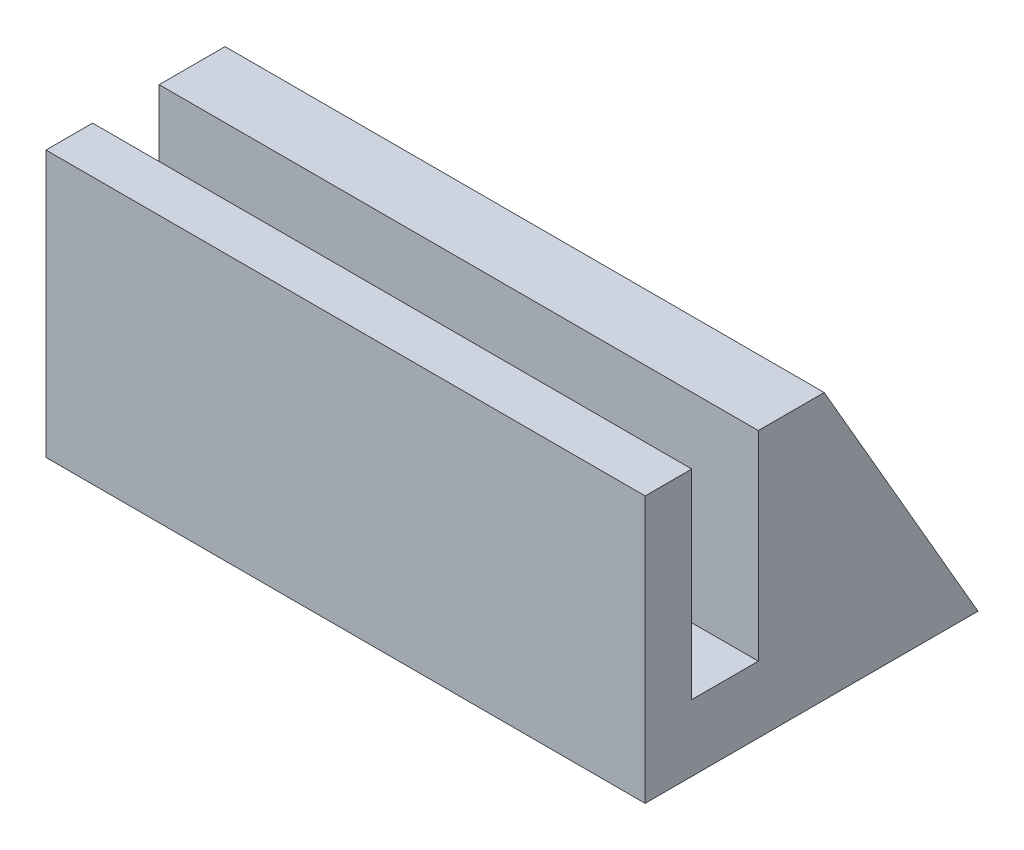
ISO-10303-21;
HEADER;
FILE_DESCRIPTION(('STEP AP214'),'2;1');
FILE_NAME('part.step','',(''),(''),'','','');
FILE_SCHEMA(('AUTOMOTIVE_DESIGN { 1 0 10303 214 1 1 1 1 }'));
ENDSEC;
DATA;
#1=APPLICATION_CONTEXT('core data for automotive mechanical design processes');
#2=APPLICATION_PROTOCOL_DEFINITION('international standard','automotive_design',2000,#1);
#3=PRODUCT_CONTEXT('',#1,'mechanical');
#4=PRODUCT('Part','Part','',(#3));
#5=PRODUCT_RELATED_PRODUCT_CATEGORY('part','',(#4));
#6=PRODUCT_DEFINITION_FORMATION('','',#4);
#7=PRODUCT_DEFINITION_CONTEXT('part definition',#1,'design');
#8=PRODUCT_DEFINITION('design','',#6,#7);
#9=PRODUCT_DEFINITION_SHAPE('','',#8);
#10=(LENGTH_UNIT() NAMED_UNIT(*) SI_UNIT(.MILLI.,.METRE.));
#11=(NAMED_UNIT(*) PLANE_ANGLE_UNIT() SI_UNIT($,.RADIAN.));
#12=(NAMED_UNIT(*) SI_UNIT($,.STERADIAN.) SOLID_ANGLE_UNIT());
#13=UNCERTAINTY_MEASURE_WITH_UNIT(LENGTH_MEASURE(1.E-05),#10,'distance_accuracy_value','');
#14=(GEOMETRIC_REPRESENTATION_CONTEXT(3) GLOBAL_UNCERTAINTY_ASSIGNED_CONTEXT((#13)) GLOBAL_UNIT_ASSIGNED_CONTEXT((#10,
#11,#12)) REPRESENTATION_CONTEXT('',''));
#15=CARTESIAN_POINT('',(0.,0.,0.));
#16=DIRECTION('',(0.,0.,1.));
#17=DIRECTION('',(1.,0.,0.));
#18=AXIS2_PLACEMENT_3D('',#15,#16,#17);
#19=CARTESIAN_POINT('',(22.5,-10.,25.));
#20=DIRECTION('',(-1.,0.,0.));
#21=DIRECTION('',(0.,0.,1.));
#22=AXIS2_PLACEMENT_3D('',#19,#20,#21);
#23=PLANE('',#22);
#24=DIRECTION('',(0.,0.,-1.));
#25=VECTOR('',#24,1.);
#26=CARTESIAN_POINT('',(22.5,-10.,25.));
#27=LINE('',#26,#25);
#28=CARTESIAN_POINT('',(22.5,-10.,25.));
#29=VERTEX_POINT('',#28);
#30=CARTESIAN_POINT('',(22.5,-10.,0.));
#31=VERTEX_POINT('',#30);
#32=EDGE_CURVE('E246',#29,#31,#27,.T.);
#33=ORIENTED_EDGE('',*,*,#32,.T.);
#34=DIRECTION('',(0.,-0.865969252911153,-0.500097243556191));
#35=VECTOR('',#34,1.);
#36=CARTESIAN_POINT('',(22.5,10.,11.55));
#37=LINE('',#36,#35);
#38=CARTESIAN_POINT('',(22.5,10.,11.55));
#39=VERTEX_POINT('',#38);
#40=EDGE_CURVE('E187',#39,#31,#37,.T.);
#41=ORIENTED_EDGE('',*,*,#40,.F.);
#42=DIRECTION('',(0.,0.,-1.));
#43=VECTOR('',#42,1.);
#44=CARTESIAN_POINT('',(22.5,10.,25.));
#45=LINE('',#44,#43);
#46=CARTESIAN_POINT('',(22.5,10.,16.5));
#47=VERTEX_POINT('',#46);
#48=EDGE_CURVE('E261',#47,#39,#45,.T.);
#49=ORIENTED_EDGE('',*,*,#48,.F.);
#50=DIRECTION('',(0.,1.,0.));
#51=VECTOR('',#50,1.);
#52=CARTESIAN_POINT('',(22.5,-5.,16.5));
#53=LINE('',#52,#51);
#54=CARTESIAN_POINT('',(22.5,-5.,16.5));
#55=VERTEX_POINT('',#54);
#56=EDGE_CURVE('E224',#55,#47,#53,.T.);
#57=ORIENTED_EDGE('',*,*,#56,.F.);
#58=DIRECTION('',(0.,0.,-1.));
#59=VECTOR('',#58,1.);
#60=CARTESIAN_POINT('',(22.5,-5.,0.));
#61=LINE('',#60,#59);
#62=CARTESIAN_POINT('',(22.5,-5.,21.5));
#63=VERTEX_POINT('',#62);
#64=EDGE_CURVE('E206',#63,#55,#61,.T.);
#65=ORIENTED_EDGE('',*,*,#64,.F.);
#66=DIRECTION('',(0.,1.,0.));
#67=VECTOR('',#66,1.);
#68=CARTESIAN_POINT('',(22.5,-5.,21.5));
#69=LINE('',#68,#67);
#70=CARTESIAN_POINT('',(22.5,10.,21.5));
#71=VERTEX_POINT('',#70);
#72=EDGE_CURVE('E227',#63,#71,#69,.T.);
#73=ORIENTED_EDGE('',*,*,#72,.T.);
#74=CARTESIAN_POINT('',(22.5,10.,25.));
#75=VERTEX_POINT('',#74);
#76=EDGE_CURVE('E47',#75,#71,#45,.T.);
#77=ORIENTED_EDGE('',*,*,#76,.F.);
#78=DIRECTION('',(0.,1.,0.));
#79=VECTOR('',#78,1.);
#80=CARTESIAN_POINT('',(22.5,-10.,25.));
#81=LINE('',#80,#79);
#82=EDGE_CURVE('E233',#29,#75,#81,.T.);
#83=ORIENTED_EDGE('',*,*,#82,.F.);
#84=EDGE_LOOP('',(#33,#41,#49,#57,#65,#73,#77,#83));
#85=FACE_BOUND('',#84,.T.);
#86=ADVANCED_FACE('F39',(#85),#23,.F.);
#87=CARTESIAN_POINT('',(-22.5,10.,25.));
#88=DIRECTION('',(0.,-1.,0.));
#89=DIRECTION('',(0.,0.,-1.));
#90=AXIS2_PLACEMENT_3D('',#87,#88,#89);
#91=PLANE('',#90);
#92=ORIENTED_EDGE('',*,*,#48,.T.);
#93=DIRECTION('',(1.,0.,0.));
#94=VECTOR('',#93,1.);
#95=CARTESIAN_POINT('',(-45.595508221297,10.,11.55));
#96=LINE('',#95,#94);
#97=CARTESIAN_POINT('',(-22.5,10.,11.55));
#98=VERTEX_POINT('',#97);
#99=EDGE_CURVE('E192',#98,#39,#96,.T.);
#100=ORIENTED_EDGE('',*,*,#99,.F.);
#101=DIRECTION('',(0.,0.,-1.));
#102=VECTOR('',#101,1.);
#103=CARTESIAN_POINT('',(-22.5,10.,25.));
#104=LINE('',#103,#102);
#105=CARTESIAN_POINT('',(-22.5,10.,16.5));
#106=VERTEX_POINT('',#105);
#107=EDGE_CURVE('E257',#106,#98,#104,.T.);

=-=-=

The expected output is the run of lines from the one that includes "#103=CARTESIAN_POINT('',(-22.5,10.,25.));" through the end of the listing above, exactly as they stand.

#103=CARTESIAN_POINT('',(-22.5,10.,25.));
#104=LINE('',#103,#102);
#105=CARTESIAN_POINT('',(-22.5,10.,16.5));
#106=VERTEX_POINT('',#105);
#107=EDGE_CURVE('E257',#106,#98,#104,.T.);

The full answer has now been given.